**DIRECTIONS:**
Which lines in the records below mention the word "Commit"? Copy each one out.

**INFORMATION SHOWN:**
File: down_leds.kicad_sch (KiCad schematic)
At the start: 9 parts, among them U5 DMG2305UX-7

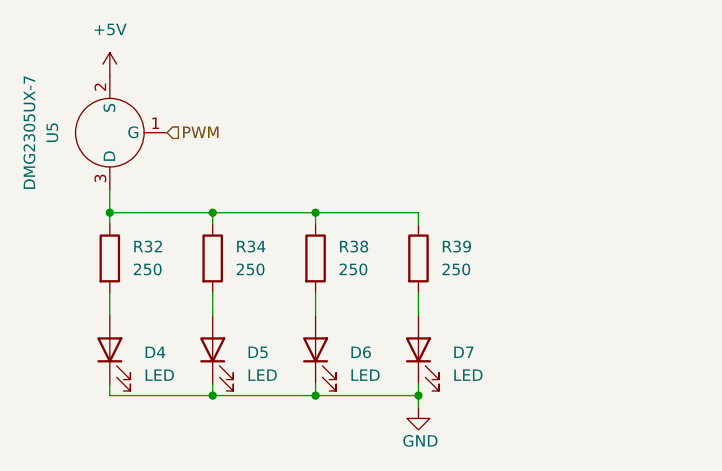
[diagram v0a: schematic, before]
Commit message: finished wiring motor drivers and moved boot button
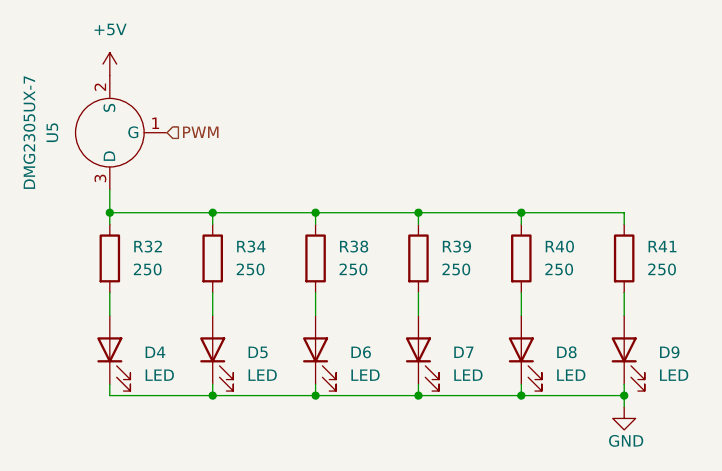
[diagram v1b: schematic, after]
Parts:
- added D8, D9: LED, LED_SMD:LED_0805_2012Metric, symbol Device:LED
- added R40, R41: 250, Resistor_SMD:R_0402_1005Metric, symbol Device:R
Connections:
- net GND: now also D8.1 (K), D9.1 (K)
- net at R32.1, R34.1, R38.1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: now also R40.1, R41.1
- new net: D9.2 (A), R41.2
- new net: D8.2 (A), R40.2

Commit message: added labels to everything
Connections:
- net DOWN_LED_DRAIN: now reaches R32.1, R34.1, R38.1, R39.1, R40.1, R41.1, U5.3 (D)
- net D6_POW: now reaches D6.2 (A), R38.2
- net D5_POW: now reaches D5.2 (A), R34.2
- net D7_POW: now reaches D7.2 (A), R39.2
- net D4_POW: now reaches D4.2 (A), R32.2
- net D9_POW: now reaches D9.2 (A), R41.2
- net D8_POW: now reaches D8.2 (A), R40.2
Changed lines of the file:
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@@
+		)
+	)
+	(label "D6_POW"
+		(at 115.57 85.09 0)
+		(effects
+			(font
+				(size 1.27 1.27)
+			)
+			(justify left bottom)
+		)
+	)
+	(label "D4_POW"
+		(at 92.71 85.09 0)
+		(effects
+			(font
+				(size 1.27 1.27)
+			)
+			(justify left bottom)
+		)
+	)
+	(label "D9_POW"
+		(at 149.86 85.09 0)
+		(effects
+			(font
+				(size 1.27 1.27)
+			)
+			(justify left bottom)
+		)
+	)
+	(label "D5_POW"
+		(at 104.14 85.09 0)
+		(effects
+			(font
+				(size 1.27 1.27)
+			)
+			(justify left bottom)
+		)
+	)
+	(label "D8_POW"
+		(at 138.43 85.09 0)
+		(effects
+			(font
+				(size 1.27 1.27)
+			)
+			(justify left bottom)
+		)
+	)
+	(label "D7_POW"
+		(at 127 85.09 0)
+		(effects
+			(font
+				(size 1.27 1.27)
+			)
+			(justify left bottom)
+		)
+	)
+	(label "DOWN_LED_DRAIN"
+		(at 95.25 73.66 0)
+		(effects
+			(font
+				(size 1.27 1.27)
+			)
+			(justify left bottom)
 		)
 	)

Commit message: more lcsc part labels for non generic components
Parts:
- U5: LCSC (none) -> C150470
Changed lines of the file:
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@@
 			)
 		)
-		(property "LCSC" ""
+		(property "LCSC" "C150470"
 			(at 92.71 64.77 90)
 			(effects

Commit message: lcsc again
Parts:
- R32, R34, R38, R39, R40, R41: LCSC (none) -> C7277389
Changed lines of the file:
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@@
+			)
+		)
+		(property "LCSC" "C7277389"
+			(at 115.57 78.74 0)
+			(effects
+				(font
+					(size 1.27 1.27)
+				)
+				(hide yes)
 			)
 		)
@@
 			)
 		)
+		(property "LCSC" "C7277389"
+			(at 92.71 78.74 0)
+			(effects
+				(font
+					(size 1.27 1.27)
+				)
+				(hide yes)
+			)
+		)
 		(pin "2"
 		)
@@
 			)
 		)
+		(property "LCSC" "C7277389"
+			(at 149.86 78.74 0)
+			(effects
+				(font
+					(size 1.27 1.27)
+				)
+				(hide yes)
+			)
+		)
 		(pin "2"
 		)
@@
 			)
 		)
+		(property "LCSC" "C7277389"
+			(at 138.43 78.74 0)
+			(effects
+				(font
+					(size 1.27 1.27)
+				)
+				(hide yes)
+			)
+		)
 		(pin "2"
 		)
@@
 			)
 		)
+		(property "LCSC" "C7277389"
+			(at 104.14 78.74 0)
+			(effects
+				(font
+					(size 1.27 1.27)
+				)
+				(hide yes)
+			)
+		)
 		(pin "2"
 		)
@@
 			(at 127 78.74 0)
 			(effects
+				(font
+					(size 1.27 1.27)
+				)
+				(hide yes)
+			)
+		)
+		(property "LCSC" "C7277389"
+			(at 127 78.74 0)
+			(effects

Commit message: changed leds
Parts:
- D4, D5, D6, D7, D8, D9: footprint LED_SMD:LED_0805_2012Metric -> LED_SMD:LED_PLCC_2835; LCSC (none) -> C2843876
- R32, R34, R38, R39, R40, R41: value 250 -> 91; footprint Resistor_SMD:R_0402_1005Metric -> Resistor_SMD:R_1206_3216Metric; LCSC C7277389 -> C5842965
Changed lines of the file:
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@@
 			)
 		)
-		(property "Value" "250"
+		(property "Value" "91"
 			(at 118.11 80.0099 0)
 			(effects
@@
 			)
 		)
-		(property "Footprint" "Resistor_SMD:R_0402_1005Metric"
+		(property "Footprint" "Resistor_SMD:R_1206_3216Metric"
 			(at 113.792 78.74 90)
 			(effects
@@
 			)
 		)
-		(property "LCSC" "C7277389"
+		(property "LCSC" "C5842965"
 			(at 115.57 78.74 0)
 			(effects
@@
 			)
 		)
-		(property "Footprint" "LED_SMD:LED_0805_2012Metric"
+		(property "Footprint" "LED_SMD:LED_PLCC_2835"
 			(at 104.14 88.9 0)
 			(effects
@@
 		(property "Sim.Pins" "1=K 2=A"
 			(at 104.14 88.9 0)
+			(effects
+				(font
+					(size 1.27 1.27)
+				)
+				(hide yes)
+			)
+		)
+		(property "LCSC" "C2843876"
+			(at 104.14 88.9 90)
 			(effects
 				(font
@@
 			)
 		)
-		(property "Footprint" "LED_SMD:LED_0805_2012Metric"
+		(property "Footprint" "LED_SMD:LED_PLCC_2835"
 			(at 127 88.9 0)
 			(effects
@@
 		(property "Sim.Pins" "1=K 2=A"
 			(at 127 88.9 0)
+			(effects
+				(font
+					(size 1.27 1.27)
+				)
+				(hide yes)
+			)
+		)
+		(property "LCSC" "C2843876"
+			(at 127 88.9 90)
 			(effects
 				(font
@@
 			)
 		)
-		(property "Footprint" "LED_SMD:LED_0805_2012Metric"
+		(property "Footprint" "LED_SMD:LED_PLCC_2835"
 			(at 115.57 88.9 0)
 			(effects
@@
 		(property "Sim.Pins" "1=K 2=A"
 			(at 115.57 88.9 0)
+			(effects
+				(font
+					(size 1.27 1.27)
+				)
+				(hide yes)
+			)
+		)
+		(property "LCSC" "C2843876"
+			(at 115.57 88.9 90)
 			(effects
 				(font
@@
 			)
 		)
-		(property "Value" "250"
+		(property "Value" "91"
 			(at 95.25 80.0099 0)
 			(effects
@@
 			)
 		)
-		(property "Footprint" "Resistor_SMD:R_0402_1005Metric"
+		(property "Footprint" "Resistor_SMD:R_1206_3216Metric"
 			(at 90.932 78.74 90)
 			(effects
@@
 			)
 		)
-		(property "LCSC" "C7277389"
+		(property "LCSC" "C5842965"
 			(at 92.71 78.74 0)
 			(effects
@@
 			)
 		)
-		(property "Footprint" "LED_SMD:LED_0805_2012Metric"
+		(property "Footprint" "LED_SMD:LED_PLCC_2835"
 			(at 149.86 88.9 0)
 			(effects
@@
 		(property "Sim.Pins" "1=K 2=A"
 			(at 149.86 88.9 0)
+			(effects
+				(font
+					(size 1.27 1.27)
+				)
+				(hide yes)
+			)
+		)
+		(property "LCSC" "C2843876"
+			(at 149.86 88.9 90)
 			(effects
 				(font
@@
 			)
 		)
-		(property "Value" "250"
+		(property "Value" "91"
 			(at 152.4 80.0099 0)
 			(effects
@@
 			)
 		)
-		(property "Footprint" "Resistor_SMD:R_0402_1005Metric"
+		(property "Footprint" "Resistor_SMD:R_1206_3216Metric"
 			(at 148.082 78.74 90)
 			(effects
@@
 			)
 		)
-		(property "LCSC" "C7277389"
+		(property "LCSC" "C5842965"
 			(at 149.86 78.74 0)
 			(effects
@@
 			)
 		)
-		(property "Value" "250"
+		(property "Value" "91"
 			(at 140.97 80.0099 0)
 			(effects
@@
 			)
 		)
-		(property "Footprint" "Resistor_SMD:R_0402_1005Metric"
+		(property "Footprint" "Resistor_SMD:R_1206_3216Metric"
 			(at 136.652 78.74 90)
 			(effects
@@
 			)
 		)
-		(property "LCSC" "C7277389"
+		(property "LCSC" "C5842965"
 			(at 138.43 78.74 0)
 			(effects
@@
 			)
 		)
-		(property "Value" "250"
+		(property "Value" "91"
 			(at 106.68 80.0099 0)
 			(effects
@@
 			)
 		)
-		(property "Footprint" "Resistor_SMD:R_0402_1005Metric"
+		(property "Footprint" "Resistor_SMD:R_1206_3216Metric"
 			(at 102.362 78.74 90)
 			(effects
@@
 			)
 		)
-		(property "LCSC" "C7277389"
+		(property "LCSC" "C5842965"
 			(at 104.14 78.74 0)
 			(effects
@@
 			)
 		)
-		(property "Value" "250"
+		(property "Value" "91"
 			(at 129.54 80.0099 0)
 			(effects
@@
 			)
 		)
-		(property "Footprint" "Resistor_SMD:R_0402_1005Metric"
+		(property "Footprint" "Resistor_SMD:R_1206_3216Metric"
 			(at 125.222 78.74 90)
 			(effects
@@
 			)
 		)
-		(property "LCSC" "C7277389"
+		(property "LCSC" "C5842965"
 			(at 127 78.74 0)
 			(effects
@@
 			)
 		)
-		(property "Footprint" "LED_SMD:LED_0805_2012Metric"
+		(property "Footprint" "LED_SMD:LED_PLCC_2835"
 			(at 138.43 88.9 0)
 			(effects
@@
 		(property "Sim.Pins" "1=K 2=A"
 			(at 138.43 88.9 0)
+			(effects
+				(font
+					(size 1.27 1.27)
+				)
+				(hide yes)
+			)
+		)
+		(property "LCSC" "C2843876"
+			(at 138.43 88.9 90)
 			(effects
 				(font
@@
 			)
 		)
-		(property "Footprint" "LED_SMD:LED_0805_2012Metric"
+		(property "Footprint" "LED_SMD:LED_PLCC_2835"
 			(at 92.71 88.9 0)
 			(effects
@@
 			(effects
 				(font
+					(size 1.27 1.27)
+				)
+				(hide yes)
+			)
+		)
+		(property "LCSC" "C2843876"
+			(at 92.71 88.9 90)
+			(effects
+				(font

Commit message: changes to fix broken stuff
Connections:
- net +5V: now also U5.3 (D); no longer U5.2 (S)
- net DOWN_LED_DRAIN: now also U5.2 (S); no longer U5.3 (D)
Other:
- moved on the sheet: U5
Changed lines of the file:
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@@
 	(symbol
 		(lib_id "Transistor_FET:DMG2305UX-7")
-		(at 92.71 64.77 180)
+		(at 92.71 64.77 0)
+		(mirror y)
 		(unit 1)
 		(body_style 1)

**TASK OUTPUT:**
Commit message: finished wiring motor drivers and moved boot button
Commit message: added labels to everything
Commit message: more lcsc part labels for non generic components
Commit message: lcsc again
Commit message: changed leds
Commit message: changes to fix broken stuff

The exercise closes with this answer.